_Work task_:
All lines of the material below that include the string "Number" are to be copied.

_Records for the task_:
□ □ □ □ □ □ □

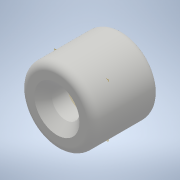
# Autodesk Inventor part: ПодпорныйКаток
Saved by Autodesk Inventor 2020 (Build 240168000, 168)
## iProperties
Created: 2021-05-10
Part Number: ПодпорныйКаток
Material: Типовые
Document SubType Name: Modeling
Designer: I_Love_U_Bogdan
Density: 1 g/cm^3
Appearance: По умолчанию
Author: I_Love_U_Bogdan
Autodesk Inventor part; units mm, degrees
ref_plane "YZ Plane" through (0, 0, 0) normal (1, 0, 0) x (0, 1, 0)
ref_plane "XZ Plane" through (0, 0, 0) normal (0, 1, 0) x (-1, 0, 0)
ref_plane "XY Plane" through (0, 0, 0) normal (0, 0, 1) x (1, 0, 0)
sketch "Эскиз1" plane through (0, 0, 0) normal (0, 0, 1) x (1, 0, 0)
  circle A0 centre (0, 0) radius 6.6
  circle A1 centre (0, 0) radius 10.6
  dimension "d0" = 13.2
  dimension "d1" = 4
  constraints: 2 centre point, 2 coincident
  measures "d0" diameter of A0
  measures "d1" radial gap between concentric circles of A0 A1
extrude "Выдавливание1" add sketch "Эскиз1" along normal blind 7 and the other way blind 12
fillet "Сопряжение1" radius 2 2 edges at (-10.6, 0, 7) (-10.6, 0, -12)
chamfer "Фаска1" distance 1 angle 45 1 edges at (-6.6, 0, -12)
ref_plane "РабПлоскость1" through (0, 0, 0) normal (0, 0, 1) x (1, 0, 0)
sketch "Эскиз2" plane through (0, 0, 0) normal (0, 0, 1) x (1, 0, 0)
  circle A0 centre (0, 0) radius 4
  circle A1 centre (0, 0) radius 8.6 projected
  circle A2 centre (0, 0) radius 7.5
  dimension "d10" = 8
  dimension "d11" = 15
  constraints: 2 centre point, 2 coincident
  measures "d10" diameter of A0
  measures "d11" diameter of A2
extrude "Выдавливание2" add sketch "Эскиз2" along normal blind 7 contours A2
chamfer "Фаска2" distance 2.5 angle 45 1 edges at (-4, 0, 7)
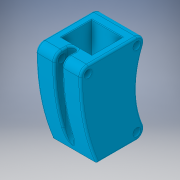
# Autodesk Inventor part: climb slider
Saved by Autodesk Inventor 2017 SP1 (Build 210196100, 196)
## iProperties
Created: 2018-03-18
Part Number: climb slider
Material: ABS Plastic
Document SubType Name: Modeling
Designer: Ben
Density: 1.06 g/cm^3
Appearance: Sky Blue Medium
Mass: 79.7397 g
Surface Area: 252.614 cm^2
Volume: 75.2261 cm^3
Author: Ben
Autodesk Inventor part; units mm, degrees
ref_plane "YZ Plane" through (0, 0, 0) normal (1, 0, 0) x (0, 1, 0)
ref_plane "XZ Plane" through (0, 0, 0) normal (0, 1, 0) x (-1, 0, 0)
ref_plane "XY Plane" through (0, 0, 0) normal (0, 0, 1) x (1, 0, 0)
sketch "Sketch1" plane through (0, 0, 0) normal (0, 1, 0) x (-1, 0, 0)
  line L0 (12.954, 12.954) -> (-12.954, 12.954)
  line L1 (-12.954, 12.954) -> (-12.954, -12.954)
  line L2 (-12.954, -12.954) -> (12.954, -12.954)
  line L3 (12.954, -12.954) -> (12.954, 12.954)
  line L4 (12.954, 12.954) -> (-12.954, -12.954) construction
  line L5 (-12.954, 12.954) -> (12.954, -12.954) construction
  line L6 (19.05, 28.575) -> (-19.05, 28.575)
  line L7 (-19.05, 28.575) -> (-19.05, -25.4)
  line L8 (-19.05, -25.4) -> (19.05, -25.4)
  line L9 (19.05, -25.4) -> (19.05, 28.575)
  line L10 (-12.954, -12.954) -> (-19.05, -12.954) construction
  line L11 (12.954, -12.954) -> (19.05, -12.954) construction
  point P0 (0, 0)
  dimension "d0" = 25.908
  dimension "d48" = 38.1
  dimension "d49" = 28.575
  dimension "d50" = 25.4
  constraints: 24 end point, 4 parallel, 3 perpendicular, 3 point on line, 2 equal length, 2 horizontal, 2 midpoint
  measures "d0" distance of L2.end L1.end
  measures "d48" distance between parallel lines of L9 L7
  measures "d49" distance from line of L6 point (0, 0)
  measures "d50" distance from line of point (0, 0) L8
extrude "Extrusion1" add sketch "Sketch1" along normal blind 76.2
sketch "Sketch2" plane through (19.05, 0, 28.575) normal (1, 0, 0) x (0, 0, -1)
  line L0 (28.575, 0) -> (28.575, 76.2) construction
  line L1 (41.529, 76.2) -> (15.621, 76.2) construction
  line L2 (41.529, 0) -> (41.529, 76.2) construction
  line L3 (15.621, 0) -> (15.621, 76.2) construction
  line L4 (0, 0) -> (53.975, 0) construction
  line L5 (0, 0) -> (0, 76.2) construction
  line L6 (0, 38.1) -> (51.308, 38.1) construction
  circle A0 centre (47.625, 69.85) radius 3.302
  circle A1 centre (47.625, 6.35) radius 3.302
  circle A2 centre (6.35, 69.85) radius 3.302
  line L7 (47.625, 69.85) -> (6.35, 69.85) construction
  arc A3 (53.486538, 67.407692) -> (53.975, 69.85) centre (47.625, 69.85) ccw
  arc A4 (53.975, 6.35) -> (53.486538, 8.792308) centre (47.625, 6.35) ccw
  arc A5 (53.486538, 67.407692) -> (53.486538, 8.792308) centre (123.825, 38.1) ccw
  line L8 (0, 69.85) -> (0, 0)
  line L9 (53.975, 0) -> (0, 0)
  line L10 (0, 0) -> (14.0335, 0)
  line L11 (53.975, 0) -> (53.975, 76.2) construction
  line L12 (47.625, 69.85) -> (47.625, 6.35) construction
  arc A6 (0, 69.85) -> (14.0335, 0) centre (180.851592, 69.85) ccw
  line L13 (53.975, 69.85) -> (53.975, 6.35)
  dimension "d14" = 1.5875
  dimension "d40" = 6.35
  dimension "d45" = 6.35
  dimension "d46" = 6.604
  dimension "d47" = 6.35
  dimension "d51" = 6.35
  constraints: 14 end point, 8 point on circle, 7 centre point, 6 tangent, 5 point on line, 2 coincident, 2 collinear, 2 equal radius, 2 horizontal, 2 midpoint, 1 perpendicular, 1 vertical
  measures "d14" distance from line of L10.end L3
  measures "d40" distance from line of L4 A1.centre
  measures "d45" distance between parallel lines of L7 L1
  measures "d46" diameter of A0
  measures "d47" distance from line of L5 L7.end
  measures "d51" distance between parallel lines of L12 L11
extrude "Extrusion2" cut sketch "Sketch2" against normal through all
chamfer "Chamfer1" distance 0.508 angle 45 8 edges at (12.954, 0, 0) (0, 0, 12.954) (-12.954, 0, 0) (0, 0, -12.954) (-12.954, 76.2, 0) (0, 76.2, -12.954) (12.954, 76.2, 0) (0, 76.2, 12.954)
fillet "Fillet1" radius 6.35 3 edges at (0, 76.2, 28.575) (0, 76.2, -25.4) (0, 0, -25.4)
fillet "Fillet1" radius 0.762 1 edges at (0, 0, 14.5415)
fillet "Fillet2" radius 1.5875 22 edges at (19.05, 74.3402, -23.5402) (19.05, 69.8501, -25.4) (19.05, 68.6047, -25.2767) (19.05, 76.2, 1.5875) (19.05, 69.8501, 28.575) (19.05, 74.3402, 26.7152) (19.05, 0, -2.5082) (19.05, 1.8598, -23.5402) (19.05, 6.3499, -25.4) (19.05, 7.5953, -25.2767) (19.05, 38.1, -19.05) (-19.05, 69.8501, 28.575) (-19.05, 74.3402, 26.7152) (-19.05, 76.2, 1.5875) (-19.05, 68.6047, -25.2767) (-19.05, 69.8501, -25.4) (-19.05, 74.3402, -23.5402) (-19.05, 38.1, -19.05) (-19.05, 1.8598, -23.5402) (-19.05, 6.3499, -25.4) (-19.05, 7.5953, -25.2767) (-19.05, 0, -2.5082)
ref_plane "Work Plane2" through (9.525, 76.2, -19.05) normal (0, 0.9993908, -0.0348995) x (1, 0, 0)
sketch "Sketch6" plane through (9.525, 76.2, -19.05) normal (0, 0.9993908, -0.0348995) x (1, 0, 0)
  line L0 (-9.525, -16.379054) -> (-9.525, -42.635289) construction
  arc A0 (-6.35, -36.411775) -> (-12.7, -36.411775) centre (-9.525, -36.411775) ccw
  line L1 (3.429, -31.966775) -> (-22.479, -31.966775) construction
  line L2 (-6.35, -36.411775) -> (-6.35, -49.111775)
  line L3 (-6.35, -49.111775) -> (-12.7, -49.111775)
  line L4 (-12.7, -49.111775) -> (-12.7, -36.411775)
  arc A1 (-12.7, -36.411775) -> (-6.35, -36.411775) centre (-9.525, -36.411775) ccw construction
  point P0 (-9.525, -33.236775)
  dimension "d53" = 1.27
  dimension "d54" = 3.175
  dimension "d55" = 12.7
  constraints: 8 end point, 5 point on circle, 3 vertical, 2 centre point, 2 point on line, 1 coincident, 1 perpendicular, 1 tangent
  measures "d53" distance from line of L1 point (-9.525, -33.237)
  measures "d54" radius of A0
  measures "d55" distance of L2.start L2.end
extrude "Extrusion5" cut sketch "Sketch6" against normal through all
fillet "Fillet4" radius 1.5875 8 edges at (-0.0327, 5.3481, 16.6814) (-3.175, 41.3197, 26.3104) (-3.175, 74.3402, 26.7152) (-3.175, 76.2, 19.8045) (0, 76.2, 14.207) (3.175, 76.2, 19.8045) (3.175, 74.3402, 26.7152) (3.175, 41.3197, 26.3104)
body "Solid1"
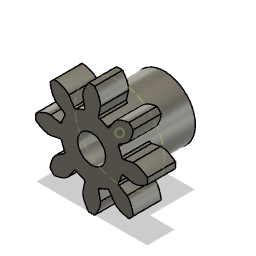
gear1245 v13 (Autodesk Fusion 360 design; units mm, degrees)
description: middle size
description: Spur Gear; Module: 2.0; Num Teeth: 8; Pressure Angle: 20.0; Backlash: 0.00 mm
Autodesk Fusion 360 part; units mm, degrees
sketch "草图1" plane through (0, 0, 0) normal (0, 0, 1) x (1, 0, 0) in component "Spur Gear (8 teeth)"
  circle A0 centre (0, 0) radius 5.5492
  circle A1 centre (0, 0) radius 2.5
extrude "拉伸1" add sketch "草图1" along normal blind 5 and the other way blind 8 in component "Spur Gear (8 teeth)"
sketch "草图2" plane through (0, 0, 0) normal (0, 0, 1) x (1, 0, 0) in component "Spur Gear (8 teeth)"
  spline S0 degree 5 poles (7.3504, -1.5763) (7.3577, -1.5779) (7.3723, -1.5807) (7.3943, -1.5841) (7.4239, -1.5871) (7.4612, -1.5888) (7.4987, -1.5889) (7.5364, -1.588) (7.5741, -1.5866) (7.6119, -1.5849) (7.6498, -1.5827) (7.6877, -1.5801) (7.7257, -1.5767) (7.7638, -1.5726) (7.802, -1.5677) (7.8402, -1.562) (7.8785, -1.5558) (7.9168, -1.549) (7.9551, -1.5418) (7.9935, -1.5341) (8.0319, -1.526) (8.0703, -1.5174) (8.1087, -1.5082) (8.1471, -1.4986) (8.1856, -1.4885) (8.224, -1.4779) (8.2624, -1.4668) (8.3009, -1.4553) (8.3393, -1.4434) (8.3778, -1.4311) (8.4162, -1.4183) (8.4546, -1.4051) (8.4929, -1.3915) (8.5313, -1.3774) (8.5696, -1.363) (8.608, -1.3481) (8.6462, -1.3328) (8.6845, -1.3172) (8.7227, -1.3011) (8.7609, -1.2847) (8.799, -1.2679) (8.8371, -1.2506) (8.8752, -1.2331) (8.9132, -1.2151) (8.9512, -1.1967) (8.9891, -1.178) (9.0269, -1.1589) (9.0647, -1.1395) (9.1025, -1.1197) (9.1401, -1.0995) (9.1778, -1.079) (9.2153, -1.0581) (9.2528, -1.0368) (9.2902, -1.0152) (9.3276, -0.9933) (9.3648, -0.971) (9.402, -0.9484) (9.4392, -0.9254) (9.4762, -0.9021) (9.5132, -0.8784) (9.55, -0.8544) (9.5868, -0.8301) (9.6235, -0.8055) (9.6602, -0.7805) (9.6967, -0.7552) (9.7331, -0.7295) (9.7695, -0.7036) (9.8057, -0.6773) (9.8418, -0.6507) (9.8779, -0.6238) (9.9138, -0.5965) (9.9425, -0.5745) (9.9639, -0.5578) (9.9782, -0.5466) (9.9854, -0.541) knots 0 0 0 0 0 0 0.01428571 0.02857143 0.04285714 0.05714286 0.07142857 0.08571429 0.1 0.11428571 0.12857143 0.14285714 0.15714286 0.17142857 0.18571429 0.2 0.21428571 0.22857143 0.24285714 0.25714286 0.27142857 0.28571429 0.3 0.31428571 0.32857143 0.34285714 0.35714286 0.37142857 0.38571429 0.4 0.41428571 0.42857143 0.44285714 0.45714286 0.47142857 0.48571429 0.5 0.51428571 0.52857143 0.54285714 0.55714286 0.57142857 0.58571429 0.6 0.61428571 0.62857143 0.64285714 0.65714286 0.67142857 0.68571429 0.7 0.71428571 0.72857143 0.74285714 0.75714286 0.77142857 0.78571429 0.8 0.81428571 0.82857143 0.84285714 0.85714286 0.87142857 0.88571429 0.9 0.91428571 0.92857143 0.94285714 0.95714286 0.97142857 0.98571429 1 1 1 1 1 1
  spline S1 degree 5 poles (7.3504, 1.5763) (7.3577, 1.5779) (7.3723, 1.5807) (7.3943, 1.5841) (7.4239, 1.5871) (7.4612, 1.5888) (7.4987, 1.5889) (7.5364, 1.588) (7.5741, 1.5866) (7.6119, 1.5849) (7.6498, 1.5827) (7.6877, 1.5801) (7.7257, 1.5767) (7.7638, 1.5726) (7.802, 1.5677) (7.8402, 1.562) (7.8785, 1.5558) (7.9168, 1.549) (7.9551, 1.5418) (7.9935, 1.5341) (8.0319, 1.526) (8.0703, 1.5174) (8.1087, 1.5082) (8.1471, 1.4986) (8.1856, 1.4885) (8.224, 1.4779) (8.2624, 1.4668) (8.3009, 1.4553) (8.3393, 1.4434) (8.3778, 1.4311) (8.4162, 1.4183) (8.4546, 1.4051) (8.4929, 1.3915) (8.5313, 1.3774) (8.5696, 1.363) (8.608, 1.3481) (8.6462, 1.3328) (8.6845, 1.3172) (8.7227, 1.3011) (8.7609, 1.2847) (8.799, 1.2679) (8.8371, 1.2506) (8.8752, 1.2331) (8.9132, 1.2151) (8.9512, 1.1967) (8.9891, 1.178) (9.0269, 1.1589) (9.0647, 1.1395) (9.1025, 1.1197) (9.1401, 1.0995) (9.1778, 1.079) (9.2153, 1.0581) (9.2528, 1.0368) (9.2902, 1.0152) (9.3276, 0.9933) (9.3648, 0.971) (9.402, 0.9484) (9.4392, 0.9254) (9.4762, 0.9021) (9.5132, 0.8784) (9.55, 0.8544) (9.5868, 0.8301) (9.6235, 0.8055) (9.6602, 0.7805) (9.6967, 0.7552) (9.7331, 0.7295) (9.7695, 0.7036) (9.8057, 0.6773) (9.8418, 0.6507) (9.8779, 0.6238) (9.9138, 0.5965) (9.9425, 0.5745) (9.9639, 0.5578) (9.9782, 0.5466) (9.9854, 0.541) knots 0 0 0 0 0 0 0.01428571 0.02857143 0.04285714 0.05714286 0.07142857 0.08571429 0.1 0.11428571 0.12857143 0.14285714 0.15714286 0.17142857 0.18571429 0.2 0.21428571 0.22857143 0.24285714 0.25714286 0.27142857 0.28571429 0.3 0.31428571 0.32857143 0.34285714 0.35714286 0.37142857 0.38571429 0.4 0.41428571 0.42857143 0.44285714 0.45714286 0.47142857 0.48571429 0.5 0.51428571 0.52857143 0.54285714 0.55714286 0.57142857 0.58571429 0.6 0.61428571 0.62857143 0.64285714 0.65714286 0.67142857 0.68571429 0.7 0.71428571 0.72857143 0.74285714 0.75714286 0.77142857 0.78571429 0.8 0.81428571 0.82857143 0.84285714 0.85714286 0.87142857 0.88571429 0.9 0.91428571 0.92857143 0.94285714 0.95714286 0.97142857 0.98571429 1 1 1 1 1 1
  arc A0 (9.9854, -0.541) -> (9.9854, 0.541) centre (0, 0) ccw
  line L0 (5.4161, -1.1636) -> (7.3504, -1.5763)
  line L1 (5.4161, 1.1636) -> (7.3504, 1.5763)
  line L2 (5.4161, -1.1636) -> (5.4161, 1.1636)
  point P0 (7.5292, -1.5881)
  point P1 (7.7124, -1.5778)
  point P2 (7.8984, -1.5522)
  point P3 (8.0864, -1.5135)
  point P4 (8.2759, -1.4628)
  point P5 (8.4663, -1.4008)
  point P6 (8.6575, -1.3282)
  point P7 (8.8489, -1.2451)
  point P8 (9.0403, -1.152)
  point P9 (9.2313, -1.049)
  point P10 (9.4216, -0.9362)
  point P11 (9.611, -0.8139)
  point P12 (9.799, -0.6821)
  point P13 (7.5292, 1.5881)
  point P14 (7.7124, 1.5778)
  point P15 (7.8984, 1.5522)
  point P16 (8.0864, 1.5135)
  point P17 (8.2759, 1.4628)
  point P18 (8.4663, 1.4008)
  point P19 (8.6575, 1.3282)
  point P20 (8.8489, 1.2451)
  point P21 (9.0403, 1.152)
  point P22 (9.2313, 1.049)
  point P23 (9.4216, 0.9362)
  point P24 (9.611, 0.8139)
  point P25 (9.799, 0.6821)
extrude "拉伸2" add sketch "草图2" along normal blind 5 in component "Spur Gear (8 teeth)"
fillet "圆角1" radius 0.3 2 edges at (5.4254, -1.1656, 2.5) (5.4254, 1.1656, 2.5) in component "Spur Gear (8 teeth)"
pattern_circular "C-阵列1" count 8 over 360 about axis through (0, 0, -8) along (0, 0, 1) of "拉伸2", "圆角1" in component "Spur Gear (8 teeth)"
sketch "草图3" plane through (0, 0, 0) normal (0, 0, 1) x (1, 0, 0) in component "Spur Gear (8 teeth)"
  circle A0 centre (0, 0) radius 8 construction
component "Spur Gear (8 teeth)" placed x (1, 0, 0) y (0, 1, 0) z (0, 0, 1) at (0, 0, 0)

□ □ □ □ □ □ □

_Completed task_:
Part Number: ПодпорныйКаток
Part Number: climb slider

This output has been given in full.